Fig. (3).

γ-secretase cleavage sites within the TMDs of APP and the NOTCH1 receptor. Cleavage by β-secretase generates the N-terminus of the Aβ sequence. Subsequently, γ-secretase cleaves within the APP TMD at multiple sites. According to the sequential cleavage model, cleavage occurs initially close to the cytosolic border of the TMD at the ε-site or at the alternative ε-site (γ48), and then in two product lines along opposite surfaces of the helical axis of the substrate APP. Most recently, direct evidence for this model has been provided with the detection of corresponding tripeptides that are released after each sequential cleavage step [68]. This study also described detection of a tetrapeptide that would explain conversion of Aβ42 to Aβ38. Evidence for conversion of Aβ40 to Aβ37 is lacking. Cleavage of NOTCH1 by ADAM10 (S2 cleavage) generates a membrane-bound, C-terminal fragment that is a direct substrate for γ-secretase. Cleavage occurs close to the cytosolic border of the TMD and results in release of the NICD domain (S3 cleavage).
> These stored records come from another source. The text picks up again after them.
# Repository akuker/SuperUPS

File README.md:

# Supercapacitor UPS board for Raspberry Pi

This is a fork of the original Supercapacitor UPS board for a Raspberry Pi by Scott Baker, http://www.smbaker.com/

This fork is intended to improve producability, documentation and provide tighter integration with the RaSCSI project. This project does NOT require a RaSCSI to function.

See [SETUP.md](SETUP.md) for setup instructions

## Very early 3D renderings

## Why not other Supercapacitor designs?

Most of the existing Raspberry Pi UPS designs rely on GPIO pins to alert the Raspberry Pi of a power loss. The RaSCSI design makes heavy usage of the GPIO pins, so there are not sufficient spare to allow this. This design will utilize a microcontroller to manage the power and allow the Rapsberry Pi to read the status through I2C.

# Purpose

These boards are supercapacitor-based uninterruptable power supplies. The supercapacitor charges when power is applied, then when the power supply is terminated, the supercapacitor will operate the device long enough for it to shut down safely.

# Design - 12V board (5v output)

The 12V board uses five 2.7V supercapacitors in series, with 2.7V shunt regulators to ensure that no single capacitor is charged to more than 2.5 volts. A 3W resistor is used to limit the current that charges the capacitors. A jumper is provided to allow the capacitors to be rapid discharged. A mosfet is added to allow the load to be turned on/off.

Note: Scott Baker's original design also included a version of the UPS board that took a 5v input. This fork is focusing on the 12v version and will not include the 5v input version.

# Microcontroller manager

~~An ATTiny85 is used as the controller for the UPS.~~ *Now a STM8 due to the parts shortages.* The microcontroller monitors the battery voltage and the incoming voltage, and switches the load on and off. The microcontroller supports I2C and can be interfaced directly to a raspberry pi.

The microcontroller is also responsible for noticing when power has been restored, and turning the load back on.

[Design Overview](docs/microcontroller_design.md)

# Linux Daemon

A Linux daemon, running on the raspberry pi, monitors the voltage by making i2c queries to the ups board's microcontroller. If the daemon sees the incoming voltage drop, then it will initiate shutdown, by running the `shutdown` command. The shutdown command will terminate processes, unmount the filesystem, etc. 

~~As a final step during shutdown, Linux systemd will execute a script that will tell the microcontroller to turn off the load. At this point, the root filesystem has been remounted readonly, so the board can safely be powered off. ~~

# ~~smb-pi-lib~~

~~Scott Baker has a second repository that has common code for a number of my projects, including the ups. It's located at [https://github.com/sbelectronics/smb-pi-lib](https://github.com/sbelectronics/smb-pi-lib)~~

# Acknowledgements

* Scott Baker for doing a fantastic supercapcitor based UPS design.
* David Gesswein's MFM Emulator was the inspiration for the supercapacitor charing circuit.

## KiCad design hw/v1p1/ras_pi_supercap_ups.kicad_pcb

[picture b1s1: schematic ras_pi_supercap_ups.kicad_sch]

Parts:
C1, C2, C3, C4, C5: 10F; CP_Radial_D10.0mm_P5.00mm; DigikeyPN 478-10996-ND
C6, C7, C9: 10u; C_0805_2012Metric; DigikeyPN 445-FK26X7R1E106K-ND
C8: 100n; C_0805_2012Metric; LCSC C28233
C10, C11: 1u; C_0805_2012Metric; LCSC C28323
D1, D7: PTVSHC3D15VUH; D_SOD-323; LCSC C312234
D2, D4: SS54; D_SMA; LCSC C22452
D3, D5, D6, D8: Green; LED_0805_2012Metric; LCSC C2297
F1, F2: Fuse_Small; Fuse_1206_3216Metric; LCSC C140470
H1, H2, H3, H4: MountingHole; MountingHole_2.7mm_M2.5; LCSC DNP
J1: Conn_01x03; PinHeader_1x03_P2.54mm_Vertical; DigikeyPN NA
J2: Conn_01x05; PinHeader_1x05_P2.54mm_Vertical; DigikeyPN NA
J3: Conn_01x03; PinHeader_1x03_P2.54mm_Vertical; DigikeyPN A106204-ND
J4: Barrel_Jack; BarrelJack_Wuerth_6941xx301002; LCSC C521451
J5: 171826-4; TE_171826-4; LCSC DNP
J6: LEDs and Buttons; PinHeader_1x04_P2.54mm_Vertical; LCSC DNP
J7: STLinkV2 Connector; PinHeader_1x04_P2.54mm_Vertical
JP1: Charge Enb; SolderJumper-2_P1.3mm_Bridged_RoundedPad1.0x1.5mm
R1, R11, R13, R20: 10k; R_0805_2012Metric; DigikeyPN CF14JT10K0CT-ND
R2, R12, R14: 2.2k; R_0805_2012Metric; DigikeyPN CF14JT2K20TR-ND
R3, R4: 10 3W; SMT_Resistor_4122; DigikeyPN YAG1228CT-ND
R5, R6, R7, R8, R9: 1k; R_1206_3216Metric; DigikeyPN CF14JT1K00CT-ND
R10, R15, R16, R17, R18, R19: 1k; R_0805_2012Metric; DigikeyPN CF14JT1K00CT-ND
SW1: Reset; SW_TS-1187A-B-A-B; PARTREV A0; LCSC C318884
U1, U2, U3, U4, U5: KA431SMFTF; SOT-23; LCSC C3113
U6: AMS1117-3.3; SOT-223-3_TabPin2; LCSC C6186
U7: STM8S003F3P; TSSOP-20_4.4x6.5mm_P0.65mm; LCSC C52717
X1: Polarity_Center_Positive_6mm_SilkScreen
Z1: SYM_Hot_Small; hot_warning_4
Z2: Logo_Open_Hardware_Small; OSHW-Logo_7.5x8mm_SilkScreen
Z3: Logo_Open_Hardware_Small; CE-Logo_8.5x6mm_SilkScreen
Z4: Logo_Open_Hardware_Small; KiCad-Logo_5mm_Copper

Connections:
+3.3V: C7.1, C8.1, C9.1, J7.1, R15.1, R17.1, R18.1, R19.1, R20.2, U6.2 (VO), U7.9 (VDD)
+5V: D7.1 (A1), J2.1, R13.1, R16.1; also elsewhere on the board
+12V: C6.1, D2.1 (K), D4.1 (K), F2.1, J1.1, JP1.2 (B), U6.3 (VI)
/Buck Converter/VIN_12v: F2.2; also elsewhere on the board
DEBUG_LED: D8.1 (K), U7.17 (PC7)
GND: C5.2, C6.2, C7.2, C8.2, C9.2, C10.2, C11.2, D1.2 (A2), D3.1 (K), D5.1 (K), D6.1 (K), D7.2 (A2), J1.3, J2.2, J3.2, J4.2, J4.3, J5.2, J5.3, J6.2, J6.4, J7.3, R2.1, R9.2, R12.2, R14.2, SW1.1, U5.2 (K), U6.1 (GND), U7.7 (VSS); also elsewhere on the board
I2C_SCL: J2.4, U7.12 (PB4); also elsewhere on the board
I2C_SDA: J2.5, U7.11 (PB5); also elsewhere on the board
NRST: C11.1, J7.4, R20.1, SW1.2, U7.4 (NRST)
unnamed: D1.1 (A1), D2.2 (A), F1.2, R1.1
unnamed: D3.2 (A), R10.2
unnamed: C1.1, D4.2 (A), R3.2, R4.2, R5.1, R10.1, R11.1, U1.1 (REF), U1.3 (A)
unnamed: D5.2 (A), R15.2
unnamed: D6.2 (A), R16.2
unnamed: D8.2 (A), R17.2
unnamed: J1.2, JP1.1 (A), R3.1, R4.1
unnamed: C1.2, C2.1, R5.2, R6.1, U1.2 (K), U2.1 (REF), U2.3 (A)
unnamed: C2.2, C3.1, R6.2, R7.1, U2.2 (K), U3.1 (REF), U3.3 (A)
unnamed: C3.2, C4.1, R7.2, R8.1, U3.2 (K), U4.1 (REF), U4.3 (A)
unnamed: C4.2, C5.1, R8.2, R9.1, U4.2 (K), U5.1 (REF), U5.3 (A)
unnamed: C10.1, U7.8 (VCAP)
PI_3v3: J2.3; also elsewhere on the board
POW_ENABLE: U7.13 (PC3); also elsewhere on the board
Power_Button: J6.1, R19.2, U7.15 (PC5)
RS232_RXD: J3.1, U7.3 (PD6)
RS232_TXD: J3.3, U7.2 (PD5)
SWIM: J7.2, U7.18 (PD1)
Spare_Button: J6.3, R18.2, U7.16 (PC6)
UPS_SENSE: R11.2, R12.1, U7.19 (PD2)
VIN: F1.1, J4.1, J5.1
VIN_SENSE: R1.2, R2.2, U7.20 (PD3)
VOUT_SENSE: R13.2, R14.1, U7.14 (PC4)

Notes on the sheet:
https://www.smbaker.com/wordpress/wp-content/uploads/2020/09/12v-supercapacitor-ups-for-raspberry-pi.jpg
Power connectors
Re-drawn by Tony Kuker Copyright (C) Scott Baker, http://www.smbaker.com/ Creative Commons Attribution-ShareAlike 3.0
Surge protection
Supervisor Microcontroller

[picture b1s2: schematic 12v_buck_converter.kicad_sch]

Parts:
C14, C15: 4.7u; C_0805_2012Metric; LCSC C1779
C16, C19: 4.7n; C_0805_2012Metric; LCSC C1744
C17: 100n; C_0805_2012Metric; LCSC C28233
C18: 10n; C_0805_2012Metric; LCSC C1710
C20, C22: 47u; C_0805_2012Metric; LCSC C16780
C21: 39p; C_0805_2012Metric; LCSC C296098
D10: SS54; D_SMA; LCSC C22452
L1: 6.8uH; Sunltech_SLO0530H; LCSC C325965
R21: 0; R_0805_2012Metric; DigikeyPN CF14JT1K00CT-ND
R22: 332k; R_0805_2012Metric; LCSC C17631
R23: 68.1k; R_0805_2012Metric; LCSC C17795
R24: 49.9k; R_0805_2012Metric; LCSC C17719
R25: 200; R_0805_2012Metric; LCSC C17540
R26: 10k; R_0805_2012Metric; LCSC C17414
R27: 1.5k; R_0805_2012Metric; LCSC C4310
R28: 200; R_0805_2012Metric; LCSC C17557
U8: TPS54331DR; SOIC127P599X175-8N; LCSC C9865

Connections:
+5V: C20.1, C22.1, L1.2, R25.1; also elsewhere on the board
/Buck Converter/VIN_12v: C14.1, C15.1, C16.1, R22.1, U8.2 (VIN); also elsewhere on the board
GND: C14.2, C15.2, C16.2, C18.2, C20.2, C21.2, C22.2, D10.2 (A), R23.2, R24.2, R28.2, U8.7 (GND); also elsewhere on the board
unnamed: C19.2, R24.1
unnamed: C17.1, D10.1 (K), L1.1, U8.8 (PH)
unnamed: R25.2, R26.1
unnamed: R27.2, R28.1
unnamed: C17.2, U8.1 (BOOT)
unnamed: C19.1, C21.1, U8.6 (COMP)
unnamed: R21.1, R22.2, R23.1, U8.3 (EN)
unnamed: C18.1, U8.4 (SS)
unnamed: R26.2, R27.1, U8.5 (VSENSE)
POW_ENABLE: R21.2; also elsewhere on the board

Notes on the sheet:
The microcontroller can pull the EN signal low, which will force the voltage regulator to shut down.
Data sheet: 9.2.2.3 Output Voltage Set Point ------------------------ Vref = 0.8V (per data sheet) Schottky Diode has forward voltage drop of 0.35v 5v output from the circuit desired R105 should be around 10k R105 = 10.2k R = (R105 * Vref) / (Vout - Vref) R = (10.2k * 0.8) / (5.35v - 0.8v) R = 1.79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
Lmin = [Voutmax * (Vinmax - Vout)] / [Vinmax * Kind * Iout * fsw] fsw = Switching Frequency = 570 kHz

In addition, γ-secretase-mediated cleavage events in the middle of the TMD generate two peptides, Nβ21 and Nβ25, with differing C-termini analogous to the Aβ peptides (S4 cleavage) [113]. A similar dual-cleavage mechanism has been proposed for other substrates of γ-secretase [114, 198]. GSMs reduce the generation of Aβ42 and of the corresponding Nβ25 peptides, but spare γ-secretase cleavage at the ε-site and the S3-site and liberation of the AICD and NICD domains. This indicates that the topology of the γ-secretase cleavage sites within the TMD is crucial for the modulation of a given γ- secretase substrate by GSMs.